Output each record below exactly, leaving any picture out of the copy.
=== Section Start ===
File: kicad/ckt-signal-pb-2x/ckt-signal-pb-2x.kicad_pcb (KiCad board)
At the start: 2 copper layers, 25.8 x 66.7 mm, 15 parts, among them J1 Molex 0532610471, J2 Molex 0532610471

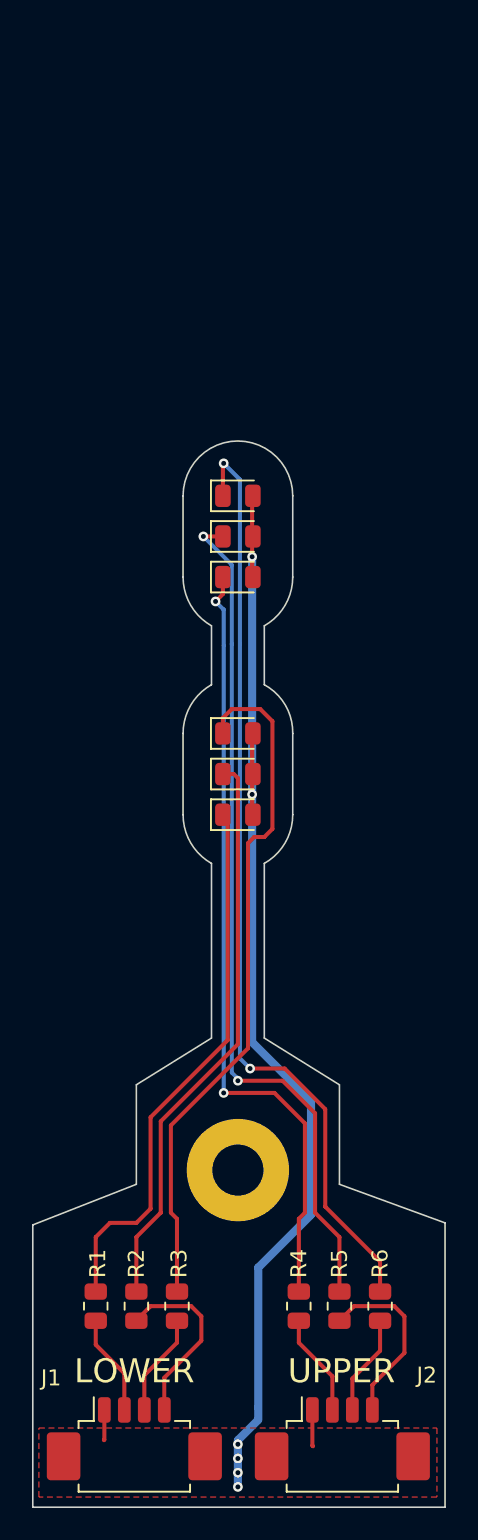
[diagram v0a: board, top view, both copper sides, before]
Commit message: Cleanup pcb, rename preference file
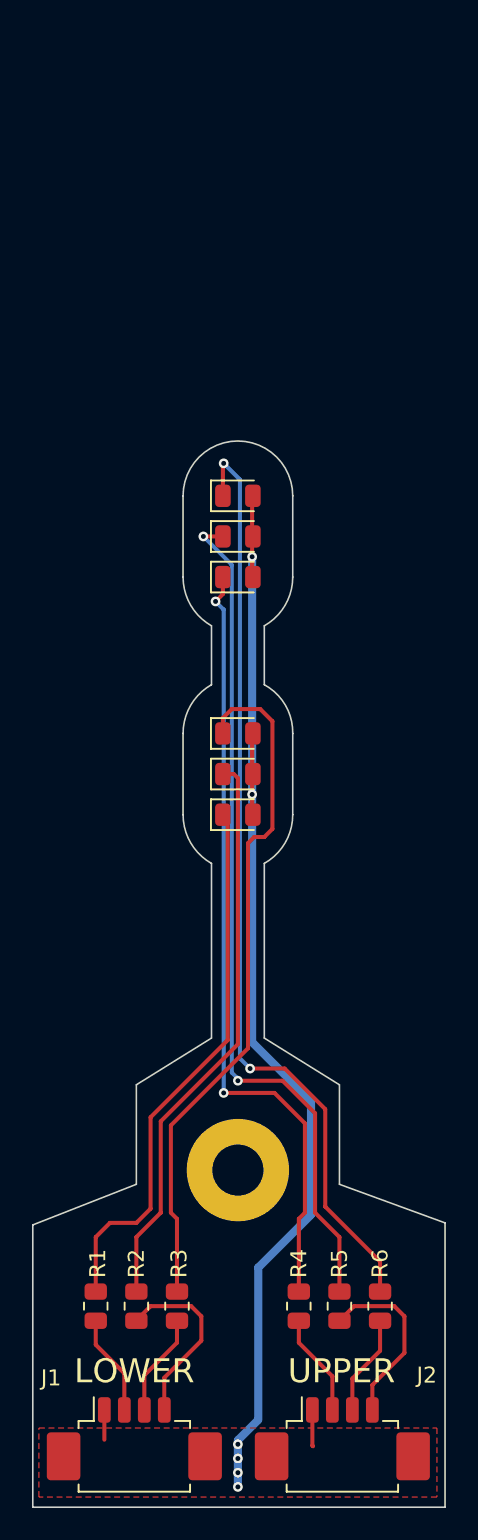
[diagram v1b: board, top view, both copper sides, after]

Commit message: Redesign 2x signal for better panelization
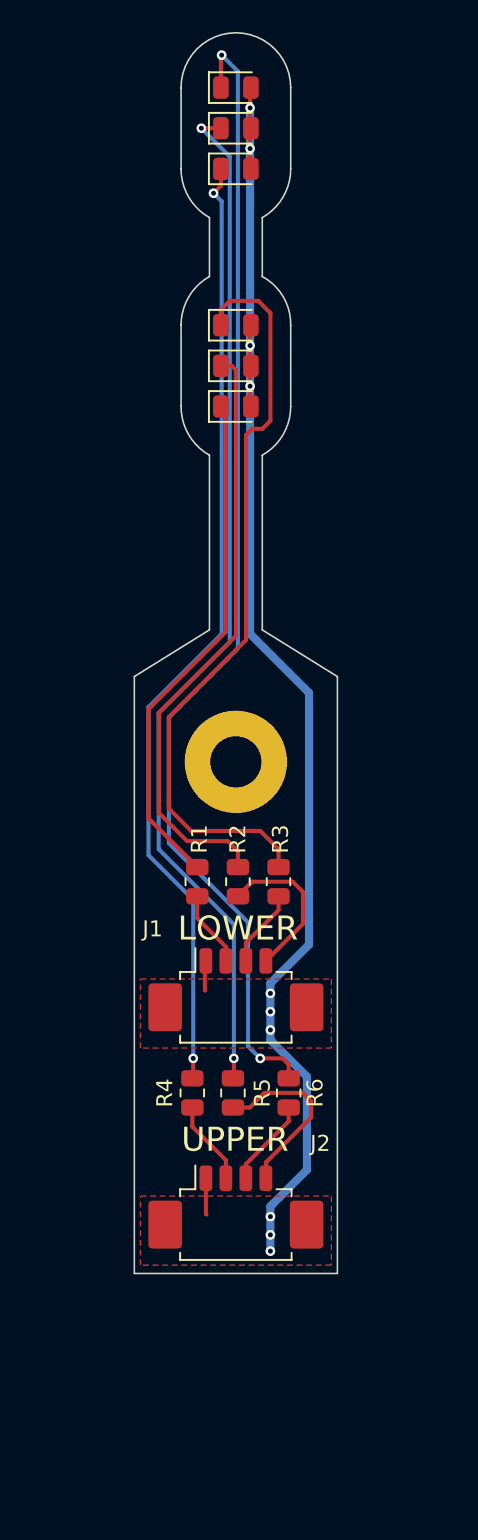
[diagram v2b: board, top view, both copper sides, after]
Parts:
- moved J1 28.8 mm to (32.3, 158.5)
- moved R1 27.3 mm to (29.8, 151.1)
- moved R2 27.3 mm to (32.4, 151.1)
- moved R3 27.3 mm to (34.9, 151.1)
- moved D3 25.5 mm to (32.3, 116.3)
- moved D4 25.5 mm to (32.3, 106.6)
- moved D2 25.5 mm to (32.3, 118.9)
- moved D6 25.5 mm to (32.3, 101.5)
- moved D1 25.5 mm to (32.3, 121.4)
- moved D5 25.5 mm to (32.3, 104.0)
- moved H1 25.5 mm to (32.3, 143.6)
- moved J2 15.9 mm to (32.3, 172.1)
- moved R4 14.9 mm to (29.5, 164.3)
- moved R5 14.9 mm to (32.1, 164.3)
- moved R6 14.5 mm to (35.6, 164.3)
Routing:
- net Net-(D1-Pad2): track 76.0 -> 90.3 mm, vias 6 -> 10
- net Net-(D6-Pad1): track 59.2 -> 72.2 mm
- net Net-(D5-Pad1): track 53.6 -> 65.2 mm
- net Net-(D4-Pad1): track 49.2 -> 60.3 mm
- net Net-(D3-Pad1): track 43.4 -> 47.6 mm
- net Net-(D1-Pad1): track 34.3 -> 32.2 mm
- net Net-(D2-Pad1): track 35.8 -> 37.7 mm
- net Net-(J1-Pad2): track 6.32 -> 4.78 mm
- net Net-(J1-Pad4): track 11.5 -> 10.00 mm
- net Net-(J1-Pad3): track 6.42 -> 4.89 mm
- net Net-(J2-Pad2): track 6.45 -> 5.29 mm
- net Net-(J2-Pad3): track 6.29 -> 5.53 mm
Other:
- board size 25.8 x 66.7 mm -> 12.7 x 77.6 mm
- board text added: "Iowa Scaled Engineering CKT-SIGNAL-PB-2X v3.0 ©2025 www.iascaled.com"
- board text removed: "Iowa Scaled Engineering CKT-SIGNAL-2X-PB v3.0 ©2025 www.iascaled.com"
=== Section End ===
### Exercise output
File: kicad/ckt-signal-pb-2x/ckt-signal-pb-2x.kicad_pcb (KiCad board)
At the start: 2 copper layers, 25.8 x 66.7 mm, 15 parts, among them J1 Molex 0532610471, J2 Molex 0532610471

[diagram v0a: board, top view, both copper sides, before]
Commit message: Cleanup pcb, rename preference file
[diagram v1b: board, top view, both copper sides, after]

Commit message: Redesign 2x signal for better panelization
[diagram v2b: board, top view, both copper sides, after]
Parts:
- moved J1 28.8 mm to (32.3, 158.5)
- moved R1 27.3 mm to (29.8, 151.1)
- moved R2 27.3 mm to (32.4, 151.1)
- moved R3 27.3 mm to (34.9, 151.1)
- moved D3 25.5 mm to (32.3, 116.3)
- moved D4 25.5 mm to (32.3, 106.6)
- moved D2 25.5 mm to (32.3, 118.9)
- moved D6 25.5 mm to (32.3, 101.5)
- moved D1 25.5 mm to (32.3, 121.4)
- moved D5 25.5 mm to (32.3, 104.0)
- moved H1 25.5 mm to (32.3, 143.6)
- moved J2 15.9 mm to (32.3, 172.1)
- moved R4 14.9 mm to (29.5, 164.3)
- moved R5 14.9 mm to (32.1, 164.3)
- moved R6 14.5 mm to (35.6, 164.3)
Routing:
- net Net-(D1-Pad2): track 76.0 -> 90.3 mm, vias 6 -> 10
- net Net-(D6-Pad1): track 59.2 -> 72.2 mm
- net Net-(D5-Pad1): track 53.6 -> 65.2 mm
- net Net-(D4-Pad1): track 49.2 -> 60.3 mm
- net Net-(D3-Pad1): track 43.4 -> 47.6 mm
- net Net-(D1-Pad1): track 34.3 -> 32.2 mm
- net Net-(D2-Pad1): track 35.8 -> 37.7 mm
- net Net-(J1-Pad2): track 6.32 -> 4.78 mm
- net Net-(J1-Pad4): track 11.5 -> 10.00 mm
- net Net-(J1-Pad3): track 6.42 -> 4.89 mm
- net Net-(J2-Pad2): track 6.45 -> 5.29 mm
- net Net-(J2-Pad3): track 6.29 -> 5.53 mm
Other:
- board size 25.8 x 66.7 mm -> 12.7 x 77.6 mm
- board text added: "Iowa Scaled Engineering CKT-SIGNAL-PB-2X v3.0 ©2025 www.iascaled.com"
- board text removed: "Iowa Scaled Engineering CKT-SIGNAL-2X-PB v3.0 ©2025 www.iascaled.com"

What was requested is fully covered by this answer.